### About this exercise
Transcribe the material from its first line onward, ending with the line that contains "settings Model: DataDictionary=test.sldd" and adding nothing beyond it.

### Source material
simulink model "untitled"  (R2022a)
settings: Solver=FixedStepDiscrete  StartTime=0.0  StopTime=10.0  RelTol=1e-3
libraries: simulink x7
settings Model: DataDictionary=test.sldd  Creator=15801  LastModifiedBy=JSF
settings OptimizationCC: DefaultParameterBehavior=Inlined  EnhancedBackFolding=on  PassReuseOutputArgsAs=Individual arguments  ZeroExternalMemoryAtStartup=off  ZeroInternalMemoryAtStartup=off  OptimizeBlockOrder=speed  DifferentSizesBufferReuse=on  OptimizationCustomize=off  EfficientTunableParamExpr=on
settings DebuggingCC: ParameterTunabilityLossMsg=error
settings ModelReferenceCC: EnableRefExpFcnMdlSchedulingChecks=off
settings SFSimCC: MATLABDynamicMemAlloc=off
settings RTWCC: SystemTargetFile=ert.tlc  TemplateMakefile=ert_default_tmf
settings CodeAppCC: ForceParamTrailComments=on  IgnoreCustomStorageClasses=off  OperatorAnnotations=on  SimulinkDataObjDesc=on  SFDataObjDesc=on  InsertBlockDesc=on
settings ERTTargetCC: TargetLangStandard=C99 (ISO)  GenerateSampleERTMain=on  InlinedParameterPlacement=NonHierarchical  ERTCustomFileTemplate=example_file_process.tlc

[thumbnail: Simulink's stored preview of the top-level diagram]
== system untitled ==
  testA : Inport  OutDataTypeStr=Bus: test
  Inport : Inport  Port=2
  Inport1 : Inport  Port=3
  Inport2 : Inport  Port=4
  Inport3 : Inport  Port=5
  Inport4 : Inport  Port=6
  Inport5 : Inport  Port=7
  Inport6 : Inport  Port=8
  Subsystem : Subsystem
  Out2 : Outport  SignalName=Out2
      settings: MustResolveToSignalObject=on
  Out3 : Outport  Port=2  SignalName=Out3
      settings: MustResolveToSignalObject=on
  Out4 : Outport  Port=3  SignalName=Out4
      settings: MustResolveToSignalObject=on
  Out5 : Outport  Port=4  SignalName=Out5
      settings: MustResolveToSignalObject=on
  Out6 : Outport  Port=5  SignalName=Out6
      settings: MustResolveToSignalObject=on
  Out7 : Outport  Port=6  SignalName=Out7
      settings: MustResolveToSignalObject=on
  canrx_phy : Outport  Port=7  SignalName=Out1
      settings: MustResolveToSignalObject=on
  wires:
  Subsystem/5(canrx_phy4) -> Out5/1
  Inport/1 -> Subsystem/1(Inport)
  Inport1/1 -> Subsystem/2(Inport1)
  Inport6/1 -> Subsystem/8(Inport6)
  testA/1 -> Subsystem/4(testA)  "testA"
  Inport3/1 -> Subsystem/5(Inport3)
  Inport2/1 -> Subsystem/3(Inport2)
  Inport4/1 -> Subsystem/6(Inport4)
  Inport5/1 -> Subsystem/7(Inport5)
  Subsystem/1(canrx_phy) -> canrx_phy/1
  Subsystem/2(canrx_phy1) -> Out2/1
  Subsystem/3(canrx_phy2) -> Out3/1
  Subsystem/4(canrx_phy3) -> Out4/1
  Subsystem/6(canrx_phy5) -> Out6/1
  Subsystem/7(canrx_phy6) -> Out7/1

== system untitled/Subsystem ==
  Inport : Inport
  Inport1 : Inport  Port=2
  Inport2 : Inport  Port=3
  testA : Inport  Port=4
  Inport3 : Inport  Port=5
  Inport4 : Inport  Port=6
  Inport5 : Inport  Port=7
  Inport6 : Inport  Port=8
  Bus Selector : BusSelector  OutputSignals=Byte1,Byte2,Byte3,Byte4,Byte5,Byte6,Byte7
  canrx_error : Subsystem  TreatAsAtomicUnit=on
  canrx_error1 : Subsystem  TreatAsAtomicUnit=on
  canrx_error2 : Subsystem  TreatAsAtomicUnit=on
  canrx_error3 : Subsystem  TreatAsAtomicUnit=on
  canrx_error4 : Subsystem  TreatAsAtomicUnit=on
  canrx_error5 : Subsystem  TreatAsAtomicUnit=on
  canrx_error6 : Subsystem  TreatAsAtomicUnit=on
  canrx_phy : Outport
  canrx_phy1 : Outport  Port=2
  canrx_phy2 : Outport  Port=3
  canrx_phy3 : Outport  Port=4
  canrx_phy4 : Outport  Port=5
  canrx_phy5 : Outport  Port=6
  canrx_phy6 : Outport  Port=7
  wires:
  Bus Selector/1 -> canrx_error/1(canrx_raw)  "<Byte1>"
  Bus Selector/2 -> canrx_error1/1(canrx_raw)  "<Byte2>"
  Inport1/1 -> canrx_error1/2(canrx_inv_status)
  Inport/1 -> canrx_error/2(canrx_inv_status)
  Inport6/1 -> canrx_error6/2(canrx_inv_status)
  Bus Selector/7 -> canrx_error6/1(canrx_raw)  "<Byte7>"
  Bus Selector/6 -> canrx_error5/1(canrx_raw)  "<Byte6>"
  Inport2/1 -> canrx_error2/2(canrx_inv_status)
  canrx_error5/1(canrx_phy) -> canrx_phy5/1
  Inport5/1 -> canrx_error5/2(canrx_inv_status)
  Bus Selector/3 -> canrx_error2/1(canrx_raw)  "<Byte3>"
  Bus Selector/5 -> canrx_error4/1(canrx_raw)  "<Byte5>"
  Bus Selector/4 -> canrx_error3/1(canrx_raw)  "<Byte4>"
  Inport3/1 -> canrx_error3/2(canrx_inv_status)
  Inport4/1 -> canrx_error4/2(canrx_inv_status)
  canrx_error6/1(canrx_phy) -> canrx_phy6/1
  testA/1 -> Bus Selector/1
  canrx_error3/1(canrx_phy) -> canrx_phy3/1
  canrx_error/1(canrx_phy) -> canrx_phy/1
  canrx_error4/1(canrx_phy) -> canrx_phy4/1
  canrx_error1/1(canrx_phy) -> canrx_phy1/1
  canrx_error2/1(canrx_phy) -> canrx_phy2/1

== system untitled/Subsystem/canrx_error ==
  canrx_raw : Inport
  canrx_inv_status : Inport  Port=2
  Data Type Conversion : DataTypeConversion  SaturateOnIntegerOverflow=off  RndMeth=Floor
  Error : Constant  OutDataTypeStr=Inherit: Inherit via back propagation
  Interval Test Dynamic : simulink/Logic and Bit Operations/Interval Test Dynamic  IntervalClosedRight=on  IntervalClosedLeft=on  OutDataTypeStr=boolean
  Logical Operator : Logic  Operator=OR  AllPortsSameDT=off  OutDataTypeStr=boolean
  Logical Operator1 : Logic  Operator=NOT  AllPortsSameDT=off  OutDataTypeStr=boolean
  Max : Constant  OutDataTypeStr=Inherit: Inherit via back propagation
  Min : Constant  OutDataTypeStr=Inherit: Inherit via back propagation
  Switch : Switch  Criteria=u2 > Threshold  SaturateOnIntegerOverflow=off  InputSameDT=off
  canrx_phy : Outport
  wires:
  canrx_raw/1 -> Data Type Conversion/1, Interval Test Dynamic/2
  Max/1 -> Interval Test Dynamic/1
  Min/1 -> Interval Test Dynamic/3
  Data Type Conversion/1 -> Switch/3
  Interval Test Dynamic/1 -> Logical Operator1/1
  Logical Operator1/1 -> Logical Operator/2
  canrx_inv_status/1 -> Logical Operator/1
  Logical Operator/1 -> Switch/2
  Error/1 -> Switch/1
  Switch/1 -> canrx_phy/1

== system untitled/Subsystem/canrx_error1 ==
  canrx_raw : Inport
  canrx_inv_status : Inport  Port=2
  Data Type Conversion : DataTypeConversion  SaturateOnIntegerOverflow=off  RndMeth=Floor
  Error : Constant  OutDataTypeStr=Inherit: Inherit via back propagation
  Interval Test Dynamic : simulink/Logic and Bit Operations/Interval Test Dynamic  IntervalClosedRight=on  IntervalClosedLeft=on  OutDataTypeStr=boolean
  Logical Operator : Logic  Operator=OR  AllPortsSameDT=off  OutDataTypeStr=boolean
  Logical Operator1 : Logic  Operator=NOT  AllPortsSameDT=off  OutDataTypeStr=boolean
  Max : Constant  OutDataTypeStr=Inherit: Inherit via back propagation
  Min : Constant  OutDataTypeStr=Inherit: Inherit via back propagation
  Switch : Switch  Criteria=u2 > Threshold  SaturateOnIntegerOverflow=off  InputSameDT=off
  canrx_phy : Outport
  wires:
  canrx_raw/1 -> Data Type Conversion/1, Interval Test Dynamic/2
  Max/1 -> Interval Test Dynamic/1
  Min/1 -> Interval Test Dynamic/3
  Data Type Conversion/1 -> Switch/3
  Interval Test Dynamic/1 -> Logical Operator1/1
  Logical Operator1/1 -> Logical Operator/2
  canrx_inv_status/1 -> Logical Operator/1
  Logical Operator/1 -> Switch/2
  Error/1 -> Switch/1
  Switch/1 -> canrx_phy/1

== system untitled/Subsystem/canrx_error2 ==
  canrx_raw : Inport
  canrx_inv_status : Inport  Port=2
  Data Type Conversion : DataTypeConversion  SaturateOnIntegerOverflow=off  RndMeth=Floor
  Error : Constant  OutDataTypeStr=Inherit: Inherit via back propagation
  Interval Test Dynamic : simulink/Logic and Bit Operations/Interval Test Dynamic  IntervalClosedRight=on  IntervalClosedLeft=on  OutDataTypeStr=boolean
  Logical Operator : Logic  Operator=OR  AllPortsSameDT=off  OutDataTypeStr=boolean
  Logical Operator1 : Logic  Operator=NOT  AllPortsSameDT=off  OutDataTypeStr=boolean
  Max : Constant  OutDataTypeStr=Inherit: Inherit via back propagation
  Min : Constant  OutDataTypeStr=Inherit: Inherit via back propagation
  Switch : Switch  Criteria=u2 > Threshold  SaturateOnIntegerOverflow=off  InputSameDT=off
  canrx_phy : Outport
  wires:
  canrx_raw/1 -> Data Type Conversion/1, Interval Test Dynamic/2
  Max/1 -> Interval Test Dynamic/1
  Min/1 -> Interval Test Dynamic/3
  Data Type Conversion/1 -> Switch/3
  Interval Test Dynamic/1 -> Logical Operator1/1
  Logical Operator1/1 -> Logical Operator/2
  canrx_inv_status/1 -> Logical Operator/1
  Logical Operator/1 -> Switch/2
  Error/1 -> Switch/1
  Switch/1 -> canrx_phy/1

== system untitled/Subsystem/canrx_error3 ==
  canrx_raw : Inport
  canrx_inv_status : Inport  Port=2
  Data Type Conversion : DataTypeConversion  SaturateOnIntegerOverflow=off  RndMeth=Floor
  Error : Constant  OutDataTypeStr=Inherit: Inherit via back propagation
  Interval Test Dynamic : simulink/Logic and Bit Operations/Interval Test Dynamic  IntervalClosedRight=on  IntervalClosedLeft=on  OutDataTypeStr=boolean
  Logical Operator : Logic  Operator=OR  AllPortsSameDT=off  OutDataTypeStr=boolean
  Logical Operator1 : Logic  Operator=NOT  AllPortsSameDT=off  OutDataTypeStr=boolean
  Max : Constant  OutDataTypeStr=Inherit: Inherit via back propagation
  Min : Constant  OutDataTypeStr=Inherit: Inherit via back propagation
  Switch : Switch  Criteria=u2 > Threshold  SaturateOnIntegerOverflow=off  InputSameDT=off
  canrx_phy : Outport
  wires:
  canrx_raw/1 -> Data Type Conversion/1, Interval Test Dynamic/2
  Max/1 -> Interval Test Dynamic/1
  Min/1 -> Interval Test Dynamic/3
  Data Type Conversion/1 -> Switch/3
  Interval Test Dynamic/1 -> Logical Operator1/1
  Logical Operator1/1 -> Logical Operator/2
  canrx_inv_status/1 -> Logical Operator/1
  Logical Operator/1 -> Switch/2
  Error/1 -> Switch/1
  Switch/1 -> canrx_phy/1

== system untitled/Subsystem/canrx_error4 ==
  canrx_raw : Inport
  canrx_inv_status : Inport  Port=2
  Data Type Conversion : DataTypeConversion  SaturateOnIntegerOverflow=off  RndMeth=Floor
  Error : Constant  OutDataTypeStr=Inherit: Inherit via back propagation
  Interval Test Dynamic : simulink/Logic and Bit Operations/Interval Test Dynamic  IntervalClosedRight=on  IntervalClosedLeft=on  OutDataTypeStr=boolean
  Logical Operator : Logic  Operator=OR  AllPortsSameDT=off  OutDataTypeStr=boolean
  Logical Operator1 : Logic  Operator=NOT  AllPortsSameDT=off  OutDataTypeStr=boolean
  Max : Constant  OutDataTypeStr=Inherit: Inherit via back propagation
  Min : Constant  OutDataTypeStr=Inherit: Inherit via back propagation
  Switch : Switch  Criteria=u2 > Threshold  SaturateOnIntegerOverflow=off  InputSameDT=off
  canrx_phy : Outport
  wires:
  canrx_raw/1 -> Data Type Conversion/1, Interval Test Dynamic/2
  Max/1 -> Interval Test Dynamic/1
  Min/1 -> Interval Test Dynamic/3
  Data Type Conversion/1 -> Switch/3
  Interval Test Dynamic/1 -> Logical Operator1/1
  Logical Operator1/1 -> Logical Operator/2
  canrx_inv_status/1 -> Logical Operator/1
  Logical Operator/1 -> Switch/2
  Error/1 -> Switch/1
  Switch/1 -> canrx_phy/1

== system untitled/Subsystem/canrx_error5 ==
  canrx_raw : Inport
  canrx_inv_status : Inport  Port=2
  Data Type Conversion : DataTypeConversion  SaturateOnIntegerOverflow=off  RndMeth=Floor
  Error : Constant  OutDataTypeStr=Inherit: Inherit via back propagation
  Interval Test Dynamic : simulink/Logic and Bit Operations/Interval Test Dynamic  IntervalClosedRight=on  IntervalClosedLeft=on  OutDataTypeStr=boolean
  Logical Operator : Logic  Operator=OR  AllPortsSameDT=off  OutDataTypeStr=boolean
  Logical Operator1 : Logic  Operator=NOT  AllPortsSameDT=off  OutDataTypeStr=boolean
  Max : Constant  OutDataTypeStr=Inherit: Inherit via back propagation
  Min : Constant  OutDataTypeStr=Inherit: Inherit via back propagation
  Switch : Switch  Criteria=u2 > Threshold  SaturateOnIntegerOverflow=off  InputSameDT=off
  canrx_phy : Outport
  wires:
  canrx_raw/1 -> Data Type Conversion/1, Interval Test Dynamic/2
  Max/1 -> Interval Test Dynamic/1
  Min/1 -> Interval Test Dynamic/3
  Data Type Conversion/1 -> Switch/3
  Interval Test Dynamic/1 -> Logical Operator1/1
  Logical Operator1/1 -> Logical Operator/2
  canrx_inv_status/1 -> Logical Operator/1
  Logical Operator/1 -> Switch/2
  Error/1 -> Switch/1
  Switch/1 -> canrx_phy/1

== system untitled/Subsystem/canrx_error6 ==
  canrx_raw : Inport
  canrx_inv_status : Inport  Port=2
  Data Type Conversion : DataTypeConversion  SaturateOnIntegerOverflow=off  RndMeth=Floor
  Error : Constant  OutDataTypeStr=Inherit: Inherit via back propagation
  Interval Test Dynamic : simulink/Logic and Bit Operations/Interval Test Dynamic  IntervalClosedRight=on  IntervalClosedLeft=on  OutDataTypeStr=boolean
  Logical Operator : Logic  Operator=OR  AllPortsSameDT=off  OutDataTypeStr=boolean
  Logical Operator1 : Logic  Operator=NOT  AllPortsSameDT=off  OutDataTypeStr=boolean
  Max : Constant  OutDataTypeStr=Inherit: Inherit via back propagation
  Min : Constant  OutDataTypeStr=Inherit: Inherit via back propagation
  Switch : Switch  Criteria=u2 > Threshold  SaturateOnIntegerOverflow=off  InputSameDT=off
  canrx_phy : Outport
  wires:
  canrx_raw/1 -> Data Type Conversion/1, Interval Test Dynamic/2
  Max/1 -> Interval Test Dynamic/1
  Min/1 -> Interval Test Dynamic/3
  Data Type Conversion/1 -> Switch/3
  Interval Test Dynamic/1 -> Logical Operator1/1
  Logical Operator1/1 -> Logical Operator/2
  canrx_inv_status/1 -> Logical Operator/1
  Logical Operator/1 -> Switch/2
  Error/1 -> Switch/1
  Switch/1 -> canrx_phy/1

### Your solution
simulink model "untitled"  (R2022a)
settings: Solver=FixedStepDiscrete  StartTime=0.0  StopTime=10.0  RelTol=1e-3
libraries: simulink x7
settings Model: DataDictionary=test.sldd  Creator=15801  LastModifiedBy=JSF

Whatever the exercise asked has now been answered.